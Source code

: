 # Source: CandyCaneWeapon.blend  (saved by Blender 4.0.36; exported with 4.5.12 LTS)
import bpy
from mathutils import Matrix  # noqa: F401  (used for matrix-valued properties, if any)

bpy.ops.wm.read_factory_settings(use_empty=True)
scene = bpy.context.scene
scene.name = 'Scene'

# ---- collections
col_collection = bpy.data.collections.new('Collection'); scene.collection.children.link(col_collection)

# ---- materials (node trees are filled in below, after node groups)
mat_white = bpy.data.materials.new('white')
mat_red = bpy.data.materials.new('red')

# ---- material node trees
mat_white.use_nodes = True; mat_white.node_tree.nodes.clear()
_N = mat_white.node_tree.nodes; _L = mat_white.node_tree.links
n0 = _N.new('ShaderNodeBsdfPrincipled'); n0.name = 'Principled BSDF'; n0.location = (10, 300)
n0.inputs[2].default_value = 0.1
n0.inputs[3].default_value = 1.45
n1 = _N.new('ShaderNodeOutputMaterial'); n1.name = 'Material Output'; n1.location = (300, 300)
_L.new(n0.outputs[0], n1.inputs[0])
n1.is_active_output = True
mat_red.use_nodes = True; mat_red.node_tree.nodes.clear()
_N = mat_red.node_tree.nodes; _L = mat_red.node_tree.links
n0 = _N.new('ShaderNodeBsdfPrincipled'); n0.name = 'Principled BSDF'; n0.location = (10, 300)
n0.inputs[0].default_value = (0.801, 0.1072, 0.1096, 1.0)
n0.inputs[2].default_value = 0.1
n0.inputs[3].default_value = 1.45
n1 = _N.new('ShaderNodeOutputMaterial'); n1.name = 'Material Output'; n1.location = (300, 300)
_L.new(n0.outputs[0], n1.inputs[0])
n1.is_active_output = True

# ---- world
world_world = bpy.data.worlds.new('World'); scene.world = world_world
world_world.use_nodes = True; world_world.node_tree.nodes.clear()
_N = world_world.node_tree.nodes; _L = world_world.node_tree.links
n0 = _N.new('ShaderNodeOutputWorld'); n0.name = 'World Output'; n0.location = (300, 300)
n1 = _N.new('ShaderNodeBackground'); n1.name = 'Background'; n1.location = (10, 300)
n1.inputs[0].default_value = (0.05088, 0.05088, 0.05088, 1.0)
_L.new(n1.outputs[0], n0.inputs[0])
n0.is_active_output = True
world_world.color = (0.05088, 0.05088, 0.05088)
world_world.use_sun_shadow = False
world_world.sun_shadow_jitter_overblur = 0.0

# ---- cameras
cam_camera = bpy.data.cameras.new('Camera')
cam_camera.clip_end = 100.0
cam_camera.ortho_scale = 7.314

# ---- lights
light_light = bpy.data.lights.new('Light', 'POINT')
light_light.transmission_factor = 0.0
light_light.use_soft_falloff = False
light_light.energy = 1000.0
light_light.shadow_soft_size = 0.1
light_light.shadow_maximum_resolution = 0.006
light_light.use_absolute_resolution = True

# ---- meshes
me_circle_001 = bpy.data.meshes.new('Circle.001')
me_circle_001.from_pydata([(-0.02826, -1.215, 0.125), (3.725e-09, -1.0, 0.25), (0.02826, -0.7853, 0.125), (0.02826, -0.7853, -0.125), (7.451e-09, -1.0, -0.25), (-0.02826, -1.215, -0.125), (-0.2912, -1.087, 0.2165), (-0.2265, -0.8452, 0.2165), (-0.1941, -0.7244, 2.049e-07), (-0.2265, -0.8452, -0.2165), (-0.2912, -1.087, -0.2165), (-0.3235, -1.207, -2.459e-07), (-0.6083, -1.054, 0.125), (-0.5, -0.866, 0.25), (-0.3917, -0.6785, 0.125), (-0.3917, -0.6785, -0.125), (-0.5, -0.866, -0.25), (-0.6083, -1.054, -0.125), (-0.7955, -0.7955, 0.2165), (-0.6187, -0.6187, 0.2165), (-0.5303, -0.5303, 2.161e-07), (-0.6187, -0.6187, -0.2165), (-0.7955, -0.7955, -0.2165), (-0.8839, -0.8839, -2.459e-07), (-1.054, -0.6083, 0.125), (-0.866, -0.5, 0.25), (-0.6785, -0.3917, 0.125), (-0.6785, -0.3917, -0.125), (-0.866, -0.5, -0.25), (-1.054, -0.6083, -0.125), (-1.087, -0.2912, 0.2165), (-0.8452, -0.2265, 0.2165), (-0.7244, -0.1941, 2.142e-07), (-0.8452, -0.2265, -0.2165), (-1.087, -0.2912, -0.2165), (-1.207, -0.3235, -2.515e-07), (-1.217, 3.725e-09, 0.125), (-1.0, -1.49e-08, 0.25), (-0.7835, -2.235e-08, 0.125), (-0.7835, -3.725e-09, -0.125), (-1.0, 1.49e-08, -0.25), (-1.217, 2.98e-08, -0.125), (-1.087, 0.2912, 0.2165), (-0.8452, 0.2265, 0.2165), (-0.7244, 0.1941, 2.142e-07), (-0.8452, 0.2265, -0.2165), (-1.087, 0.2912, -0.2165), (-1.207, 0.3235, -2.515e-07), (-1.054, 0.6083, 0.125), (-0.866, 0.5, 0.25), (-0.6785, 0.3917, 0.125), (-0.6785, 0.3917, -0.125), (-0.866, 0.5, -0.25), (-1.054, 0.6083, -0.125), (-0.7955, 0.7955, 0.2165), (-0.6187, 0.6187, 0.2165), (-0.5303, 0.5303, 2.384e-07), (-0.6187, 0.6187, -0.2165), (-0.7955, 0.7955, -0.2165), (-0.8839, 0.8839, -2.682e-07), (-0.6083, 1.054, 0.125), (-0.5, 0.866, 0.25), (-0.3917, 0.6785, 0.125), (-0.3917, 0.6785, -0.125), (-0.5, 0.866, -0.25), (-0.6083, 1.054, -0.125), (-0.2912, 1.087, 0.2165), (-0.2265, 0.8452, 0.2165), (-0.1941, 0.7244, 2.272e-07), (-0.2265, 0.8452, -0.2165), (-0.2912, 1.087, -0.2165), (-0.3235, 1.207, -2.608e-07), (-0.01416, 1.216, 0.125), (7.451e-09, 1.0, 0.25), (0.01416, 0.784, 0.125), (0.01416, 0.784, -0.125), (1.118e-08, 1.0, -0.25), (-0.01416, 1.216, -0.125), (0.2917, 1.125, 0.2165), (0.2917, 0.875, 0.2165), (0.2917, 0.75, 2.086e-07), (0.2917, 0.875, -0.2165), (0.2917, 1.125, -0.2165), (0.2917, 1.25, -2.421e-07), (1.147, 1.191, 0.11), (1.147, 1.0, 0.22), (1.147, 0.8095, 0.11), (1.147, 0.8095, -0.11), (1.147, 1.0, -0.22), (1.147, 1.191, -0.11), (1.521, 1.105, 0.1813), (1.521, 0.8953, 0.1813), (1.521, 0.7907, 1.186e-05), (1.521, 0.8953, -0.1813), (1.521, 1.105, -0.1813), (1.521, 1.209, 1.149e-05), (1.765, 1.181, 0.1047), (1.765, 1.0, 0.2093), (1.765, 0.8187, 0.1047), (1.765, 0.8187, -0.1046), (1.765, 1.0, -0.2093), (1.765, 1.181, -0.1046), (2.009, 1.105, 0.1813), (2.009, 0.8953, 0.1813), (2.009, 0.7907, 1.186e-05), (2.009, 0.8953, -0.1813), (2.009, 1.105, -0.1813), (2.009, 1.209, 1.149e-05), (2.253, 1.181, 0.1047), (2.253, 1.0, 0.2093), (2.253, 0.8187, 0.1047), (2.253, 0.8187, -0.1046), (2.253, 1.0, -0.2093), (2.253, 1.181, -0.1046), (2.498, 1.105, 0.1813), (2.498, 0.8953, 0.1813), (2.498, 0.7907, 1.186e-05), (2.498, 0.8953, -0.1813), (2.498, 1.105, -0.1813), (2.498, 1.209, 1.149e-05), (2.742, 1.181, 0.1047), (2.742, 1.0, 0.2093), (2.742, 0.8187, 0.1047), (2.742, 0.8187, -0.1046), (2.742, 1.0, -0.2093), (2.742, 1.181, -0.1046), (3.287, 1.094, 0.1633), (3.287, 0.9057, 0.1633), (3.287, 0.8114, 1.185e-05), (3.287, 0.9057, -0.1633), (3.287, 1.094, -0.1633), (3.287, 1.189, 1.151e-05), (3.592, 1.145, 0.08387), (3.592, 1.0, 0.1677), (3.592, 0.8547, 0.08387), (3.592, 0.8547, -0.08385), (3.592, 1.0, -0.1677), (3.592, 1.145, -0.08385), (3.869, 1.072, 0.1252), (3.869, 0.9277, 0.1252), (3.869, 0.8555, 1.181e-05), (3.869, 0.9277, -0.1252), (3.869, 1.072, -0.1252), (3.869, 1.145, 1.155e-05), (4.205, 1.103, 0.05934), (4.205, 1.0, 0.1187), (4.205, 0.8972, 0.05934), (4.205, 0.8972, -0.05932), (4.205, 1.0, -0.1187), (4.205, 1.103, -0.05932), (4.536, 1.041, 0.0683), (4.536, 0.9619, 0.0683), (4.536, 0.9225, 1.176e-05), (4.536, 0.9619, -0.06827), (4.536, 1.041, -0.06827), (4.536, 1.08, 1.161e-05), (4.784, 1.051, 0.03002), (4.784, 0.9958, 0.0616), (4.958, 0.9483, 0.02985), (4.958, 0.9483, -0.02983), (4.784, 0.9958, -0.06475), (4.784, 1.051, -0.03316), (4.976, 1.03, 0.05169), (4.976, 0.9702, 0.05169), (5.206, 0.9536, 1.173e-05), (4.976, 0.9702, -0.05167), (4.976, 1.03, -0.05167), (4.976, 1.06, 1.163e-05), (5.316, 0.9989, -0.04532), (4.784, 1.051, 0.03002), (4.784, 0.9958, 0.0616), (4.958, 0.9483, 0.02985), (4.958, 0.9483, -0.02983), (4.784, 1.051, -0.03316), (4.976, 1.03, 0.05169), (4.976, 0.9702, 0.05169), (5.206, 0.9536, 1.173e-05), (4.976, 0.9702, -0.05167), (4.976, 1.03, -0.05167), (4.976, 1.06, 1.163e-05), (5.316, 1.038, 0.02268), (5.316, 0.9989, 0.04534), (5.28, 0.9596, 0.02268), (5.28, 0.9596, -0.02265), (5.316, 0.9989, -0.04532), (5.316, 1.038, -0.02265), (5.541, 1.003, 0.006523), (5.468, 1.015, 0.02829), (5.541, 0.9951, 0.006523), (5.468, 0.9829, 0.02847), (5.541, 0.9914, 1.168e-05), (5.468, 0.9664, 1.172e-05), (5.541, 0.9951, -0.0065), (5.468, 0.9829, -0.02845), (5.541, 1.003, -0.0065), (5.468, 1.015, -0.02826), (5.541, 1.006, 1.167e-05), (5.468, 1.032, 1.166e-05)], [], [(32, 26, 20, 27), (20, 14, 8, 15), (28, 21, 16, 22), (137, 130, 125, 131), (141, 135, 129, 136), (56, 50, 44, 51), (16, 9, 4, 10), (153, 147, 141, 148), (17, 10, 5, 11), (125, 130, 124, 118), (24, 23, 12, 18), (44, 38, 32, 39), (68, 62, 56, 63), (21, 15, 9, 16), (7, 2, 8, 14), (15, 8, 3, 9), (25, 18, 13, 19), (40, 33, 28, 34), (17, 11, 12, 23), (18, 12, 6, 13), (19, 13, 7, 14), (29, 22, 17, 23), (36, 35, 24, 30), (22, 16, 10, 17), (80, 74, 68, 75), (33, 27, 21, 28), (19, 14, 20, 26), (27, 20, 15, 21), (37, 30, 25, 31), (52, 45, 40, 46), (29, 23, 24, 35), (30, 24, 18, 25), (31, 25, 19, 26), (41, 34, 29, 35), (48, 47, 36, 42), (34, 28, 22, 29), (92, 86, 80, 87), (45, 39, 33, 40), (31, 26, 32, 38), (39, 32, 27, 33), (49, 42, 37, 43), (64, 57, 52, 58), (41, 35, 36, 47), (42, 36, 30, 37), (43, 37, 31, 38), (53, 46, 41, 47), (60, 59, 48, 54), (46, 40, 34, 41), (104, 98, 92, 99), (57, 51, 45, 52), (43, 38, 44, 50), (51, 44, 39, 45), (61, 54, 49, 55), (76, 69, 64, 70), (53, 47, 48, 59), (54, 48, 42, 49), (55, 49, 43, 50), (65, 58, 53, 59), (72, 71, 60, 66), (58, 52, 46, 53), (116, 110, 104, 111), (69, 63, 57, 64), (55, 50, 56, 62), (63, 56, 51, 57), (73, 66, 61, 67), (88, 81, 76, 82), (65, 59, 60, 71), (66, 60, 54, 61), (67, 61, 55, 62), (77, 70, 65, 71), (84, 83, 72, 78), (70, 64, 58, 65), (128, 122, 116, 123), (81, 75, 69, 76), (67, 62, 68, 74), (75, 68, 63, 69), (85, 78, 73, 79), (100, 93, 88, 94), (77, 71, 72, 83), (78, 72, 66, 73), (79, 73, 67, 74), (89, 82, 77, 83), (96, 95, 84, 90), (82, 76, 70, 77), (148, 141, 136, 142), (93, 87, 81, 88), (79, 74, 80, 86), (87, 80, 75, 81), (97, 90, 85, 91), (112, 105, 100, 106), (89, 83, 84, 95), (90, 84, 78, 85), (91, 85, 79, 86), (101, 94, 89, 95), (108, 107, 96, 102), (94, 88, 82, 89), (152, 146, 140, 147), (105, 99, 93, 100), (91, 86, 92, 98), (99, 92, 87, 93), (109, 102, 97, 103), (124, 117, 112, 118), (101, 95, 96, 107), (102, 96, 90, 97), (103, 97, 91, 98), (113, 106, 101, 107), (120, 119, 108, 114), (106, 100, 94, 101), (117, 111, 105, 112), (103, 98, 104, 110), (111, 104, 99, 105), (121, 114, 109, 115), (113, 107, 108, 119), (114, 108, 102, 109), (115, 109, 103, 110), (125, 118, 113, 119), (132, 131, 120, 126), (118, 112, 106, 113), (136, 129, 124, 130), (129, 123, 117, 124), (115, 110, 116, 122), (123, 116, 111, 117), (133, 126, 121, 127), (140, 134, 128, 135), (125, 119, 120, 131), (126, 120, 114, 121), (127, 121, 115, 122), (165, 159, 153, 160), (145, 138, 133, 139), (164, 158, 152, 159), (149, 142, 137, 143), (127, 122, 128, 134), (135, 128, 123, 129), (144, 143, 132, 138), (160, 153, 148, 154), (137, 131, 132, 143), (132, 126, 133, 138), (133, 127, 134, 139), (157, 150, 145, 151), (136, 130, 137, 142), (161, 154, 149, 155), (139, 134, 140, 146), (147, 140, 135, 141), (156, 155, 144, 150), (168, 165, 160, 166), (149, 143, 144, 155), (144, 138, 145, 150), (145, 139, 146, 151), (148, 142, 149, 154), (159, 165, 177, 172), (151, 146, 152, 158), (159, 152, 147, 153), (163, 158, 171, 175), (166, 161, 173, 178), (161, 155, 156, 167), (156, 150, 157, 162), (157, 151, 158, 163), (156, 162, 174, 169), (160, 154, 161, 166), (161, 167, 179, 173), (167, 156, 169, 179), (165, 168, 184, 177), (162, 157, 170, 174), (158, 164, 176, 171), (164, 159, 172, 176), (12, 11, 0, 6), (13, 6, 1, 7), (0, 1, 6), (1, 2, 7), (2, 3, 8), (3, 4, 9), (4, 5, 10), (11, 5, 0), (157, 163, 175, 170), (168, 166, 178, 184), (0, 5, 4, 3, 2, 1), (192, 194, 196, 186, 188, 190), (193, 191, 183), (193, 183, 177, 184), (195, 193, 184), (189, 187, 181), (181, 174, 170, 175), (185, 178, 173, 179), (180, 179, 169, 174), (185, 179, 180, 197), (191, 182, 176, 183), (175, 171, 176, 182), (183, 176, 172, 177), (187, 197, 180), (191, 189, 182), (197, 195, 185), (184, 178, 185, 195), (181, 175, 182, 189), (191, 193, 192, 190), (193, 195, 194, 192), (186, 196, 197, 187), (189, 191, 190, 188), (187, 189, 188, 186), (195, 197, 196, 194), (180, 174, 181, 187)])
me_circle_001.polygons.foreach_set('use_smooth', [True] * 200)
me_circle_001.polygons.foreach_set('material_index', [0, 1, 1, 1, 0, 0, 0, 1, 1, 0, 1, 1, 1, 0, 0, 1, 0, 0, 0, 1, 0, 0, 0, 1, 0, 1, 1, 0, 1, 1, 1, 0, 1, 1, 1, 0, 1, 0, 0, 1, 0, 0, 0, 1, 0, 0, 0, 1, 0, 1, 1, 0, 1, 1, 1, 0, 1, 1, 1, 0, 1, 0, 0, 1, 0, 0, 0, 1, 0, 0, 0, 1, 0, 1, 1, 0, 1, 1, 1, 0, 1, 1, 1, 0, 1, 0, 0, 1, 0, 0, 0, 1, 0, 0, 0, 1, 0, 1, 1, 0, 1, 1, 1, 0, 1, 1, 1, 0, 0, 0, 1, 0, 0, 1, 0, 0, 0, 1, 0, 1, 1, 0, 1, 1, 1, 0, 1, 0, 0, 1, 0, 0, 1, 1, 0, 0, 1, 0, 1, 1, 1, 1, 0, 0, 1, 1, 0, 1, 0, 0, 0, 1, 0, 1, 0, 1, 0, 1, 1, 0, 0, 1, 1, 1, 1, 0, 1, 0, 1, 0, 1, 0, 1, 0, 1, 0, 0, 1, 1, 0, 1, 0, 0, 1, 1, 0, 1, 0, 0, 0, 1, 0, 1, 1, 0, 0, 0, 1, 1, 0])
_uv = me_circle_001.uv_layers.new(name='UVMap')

★ ★ ★ ★

• _The problem_
Throughout the records above, find the lines in which the word "materials" appears and return them.

• _Exercise response_
# ---- materials (node trees are filled in below, after node groups)
mat_white = bpy.data.materials.new('white')
mat_red = bpy.data.materials.new('red')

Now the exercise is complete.